1. ## comparison test

How would you work out these problems to find out if they converge or diverge?

Problem 1

n=1 to infinity 1/(square root (n^3 +2))

Problem 2

n=1 to infinity n+2^n/ n^2 2^n

Problem 3

n=1 to infinity 3^(n-1) + 1/ 3^n

2. Hello, TAG16!

Converge or diverge?

$\displaystyle (1)\;\;S \;=\;\sum^{\infty}_{n=1} \frac{1}{\sqrt{n^3+2}}$
We have: .$\displaystyle \frac{1}{\sqrt{n^3+2}} \:<\:\frac{1}{\sqrt{n^3}} \:=\:\frac{1}{n^{\frac{3}{2}}}$

$\displaystyle \text{Hence: }\;\sum^{\infty}_{n=1}\frac{1}{\sqrt{n^3+2}} \quad <\; \!\!\! \underbrace{\sum^{\infty}_{n=1}\frac{1}{n^{\frac{3 }{2}}}}_{\text{convergent }p\text{-series}}$

Therefore, $\displaystyle S$ converges.

$\displaystyle (2)\;\;S \;=\;\sum^{\infty}_{n=1} \frac{n+2^n}{n^2\!\cdot\!2^n}$

We have: .$\displaystyle \sum \frac{n+2^n}{n^2\!\cdot\!2^n} \;=\;\sum\left(\frac{n}{n^2\!\cdot\!2^n} + \frac{2^n}{n^2\!\cdot\!2^n}\right) \;=\;\underbrace{\sum\frac{1}{n\!\cdot\!2^n}}_A + \underbrace{\sum\frac{1}{n^2}}_B$

Series $\displaystyle A\!:\;\;\sum\frac{1}{n\!\cdot\!2^n} \:\leq\:\sum\frac{1}{2^n}$ . . . a convergent geometric series.
. . Hence, $\displaystyle A$ converges.

Series $\displaystyle B\!:\;\;\sum\frac{1}{n^2}$ . . . a convergent $\displaystyle p$-series.
. . Hence, $\displaystyle B$ converges.

The sum of two convergent series is convergent.

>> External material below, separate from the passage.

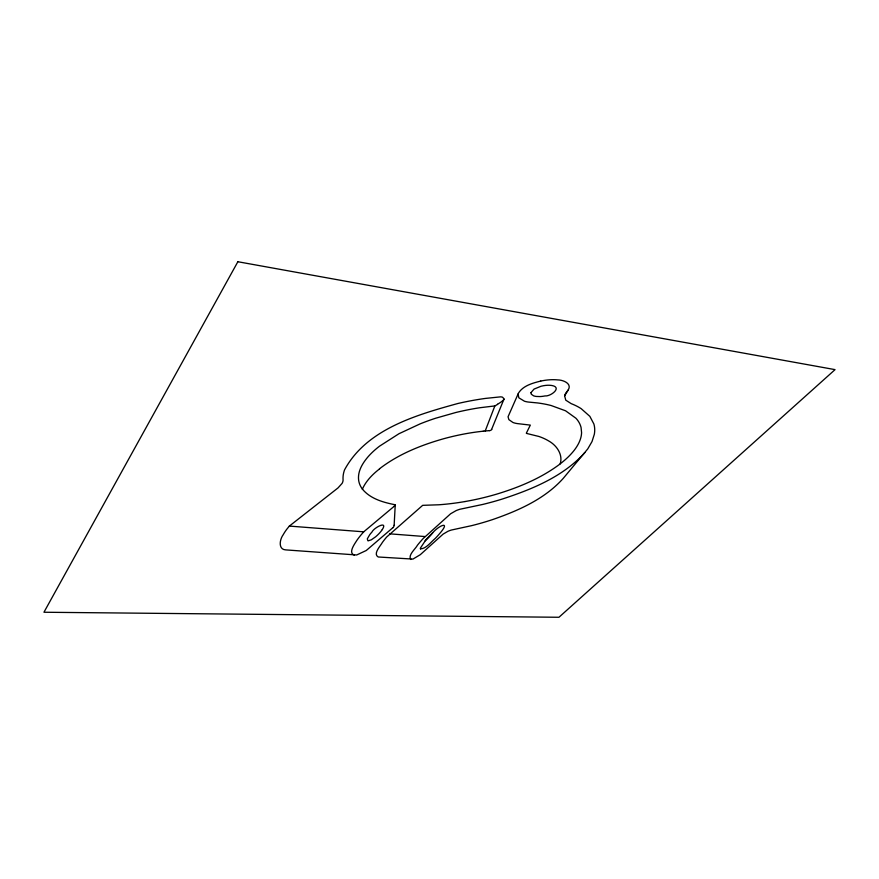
<?xml version="1.0" encoding="UTF-8"?>
<svg xmlns="http://www.w3.org/2000/svg" width="879" height="879" viewBox="0 0 879 879"><rect width="100%" height="100%" fill="white"/><g stroke="black" fill="none" stroke-linecap="round" stroke-linejoin="round"><path stroke-width="1.32" d="M394.144 525.301L395.231 505.051M540.75 381.068A40.665 21.535 -21.5 0 1 557.835 379.915C562.78 379.926 572.108 383.343 568.361 389.738A12.086 6.439 -22.3 0 1 567.318 391.133A16.69 8.746 -22.7 0 0 564.615 395.803L565.768 400.165L571.207 403.648A113.061 56.959 -19.5 0 1 581.14 408.636L589.853 416.349L593.874 423.986A77.66 39.225 -20.4 0 1 594.325 434.292L592.017 441.566L587.721 448.949L563.307 478.308C544.782 499.019 518.412 510.633 492.647 519.566A147.628 76.495 -19.2 0 1 471.518 525.675L451.334 530.048A14.921 6.944 -18 0 0 447.916 531.312L443.093 534.135L420.327 554.66L412.943 559.088L378.212 556.989C372.729 553.935 380.442 545.991 382.387 542.42A134.828 60.97 -19 0 1 386.705 536.992L422.678 505.337L438.907 504.777A172.108 93.559 -20.2 0 0 464.98 501.557M518.094 393.968L518.841 397.813L524.477 401.231A29.15 15.756 -22 0 0 528.806 402.099L537.607 402.945A125.84 63.079 -18.9 0 1 551.155 405.527L565.582 410.801L575.899 418.217A78.077 39.588 -20.1 0 1 581.063 427.491L581.579 432.6A63.958 32.369 -20.4 0 1 573.932 450.652A70.617 35.874 -20.3 0 1 560.154 463.87M485.208 430.985L494.855 405.922A26.073 14.361 -20.3 0 0 497.448 404.472L497.613 404.384M491.669 429.282L504.074 398.846L502.502 397.187A8.438 4.582 -20.5 0 0 500.547 396.858L485.439 398.418A166.428 82.033 -18.3 0 0 457.849 403.505C416.228 414.976 366.367 429.238 344.513 469.946A70.276 36.709 -17.4 0 0 343.063 479.714L343.063 480.231A17.888 9.372 -14.9 0 1 342.074 483.406L338.03 487.911L289.356 526.082L286.752 529.29A86.175 41.818 -15.8 0 0 283.17 534.784C279.808 539.212 277.83 549.54 285.851 549.902L356.654 554.979L366.257 550.507L392.924 527.631M564.67 395.792L568.361 389.738M382.299 529.587C388.309 520.082 373.685 527.829 372.004 532.004A48.158 22.854 -17 0 0 369.685 534.762L367.312 538.838L367.894 540.794A1.45 0.692 -15.9 0 0 368.191 540.838L371.301 539.827L375.608 536.816A45.532 22.327 -15.3 0 0 382.277 529.587M432.633 532.861L432.083 533.586A68.925 33.347 -16.1 0 1 427.293 538.816L425.084 540.86M584.843 452.619C563.098 476.704 531.85 489.449 501.623 499.25A176.02 95.119 -20.1 0 1 482.604 504.469L459.893 509.26A17.195 8.186 -18.3 0 0 456.036 510.655L450.608 513.775L423.052 538.651A172.064 74.803 -20.2 0 0 417.503 545.134C415.47 548.979 407.515 555.363 410.911 559.494M393.924 506.513L363.719 531.828L360.95 535.014A116.797 54.026 -18.1 0 0 356.819 540.453C354.644 543.991 347.842 552.924 354.413 555.165M379.442 468.826C398.286 454.256 420.777 445.224 443.532 438.775A130.455 63.431 -18.2 0 1 483.197 431.204M540.75 381.057C532.663 383.123 523.126 385.606 518.456 393.144L508.051 416.767L508.875 419.646L512.918 422.458A26.216 13.877 -21.3 0 0 518.072 423.678L530.323 425.106L526.334 433.182A2.824 1.45 -20.9 0 0 527.224 433.589L538.871 436.456A96.69 47.686 -18.8 0 1 548.551 440.873C556.561 445.235 563.186 454.476 560.187 463.881C541.299 478.143 519.104 487.34 496.58 494.163A158.264 85.263 -20 0 1 464.98 501.546M483.208 431.182L489.317 430.633M494.855 405.922L479.791 407.746A148.76 73.44 -18.4 0 0 455.751 412.515L435.544 418.261A123.071 61.849 -18.5 0 0 420.019 423.92L398.978 433.721L379.541 446.169A73.539 38.127 -17.9 0 0 368.015 456.838C362.544 463.233 357.533 471.331 358.621 480.099A67.683 35.215 -17.8 0 0 362.533 489.218M289.356 526.082L363.719 531.828M389.54 533.817L424.996 536.553M394.858 504.7C383.145 502.37 370.422 498.811 362.5 489.229M420.481 548.87C426.161 548.793 430.93 541.958 435.292 538.398A121.082 59.563 -15.1 0 0 439.214 534.091C451.498 520.214 439.258 525.148 432.765 532.751A92.581 41.742 -19 0 0 429.007 536.465A103.107 46.257 -19.2 0 0 425.612 540.255L420.481 547.991A6.043 2.802 -17.3 0 0 420.459 548.881M362.379 489.24A66.705 33.765 -17.7 0 1 379.596 468.881M491.779 429.424A2.022 1.066 -19.9 0 1 489.317 430.666M394.1 525.312A8.098 3.923 -16.4 0 1 393.023 527.642M504.139 399.319A18.195 9.977 -20.4 0 1 497.47 404.23M395.253 505.194A3.681 1.835 -16.7 0 1 393.803 506.447M530.916 392.693L531.334 394.253L533.531 395.781A14.416 7.768 -22 0 0 536.344 396.451L539.86 396.572A21.689 11.724 -22.1 0 0 545.035 395.924C550.715 396.594 562.637 387.353 551.836 385.496A20.217 10.779 -21.7 0 0 541.09 386.233L534.069 389.078L530.916 392.693M237.868 261.733L43.95 612.245L558.956 617.267L835.05 369.63L237.868 261.733"/></g></svg>

Therefore, $\displaystyle S$ converges.

$\displaystyle (3)\;\;S \;=\;\sum^{\infty}_{n=1}\frac{3^{n-1} + 1}{3^n}$

We have: .$\displaystyle \frac{3^{n-1}+1}{3^n} \;=\;\frac{3^{n-1}}{3^n} + \frac{1}{3^n} \;=\;\frac{1}{3} + \frac{1}{3^n} \;{\color{blue}\;>\;\frac{1}{3}}$

Hence: .$\displaystyle \sum\frac{3^{n-1}+1}{3^n} \;> \;\sum\frac{1}{3}$ . . . a divergent series

Therefore, $\displaystyle S$ diverges.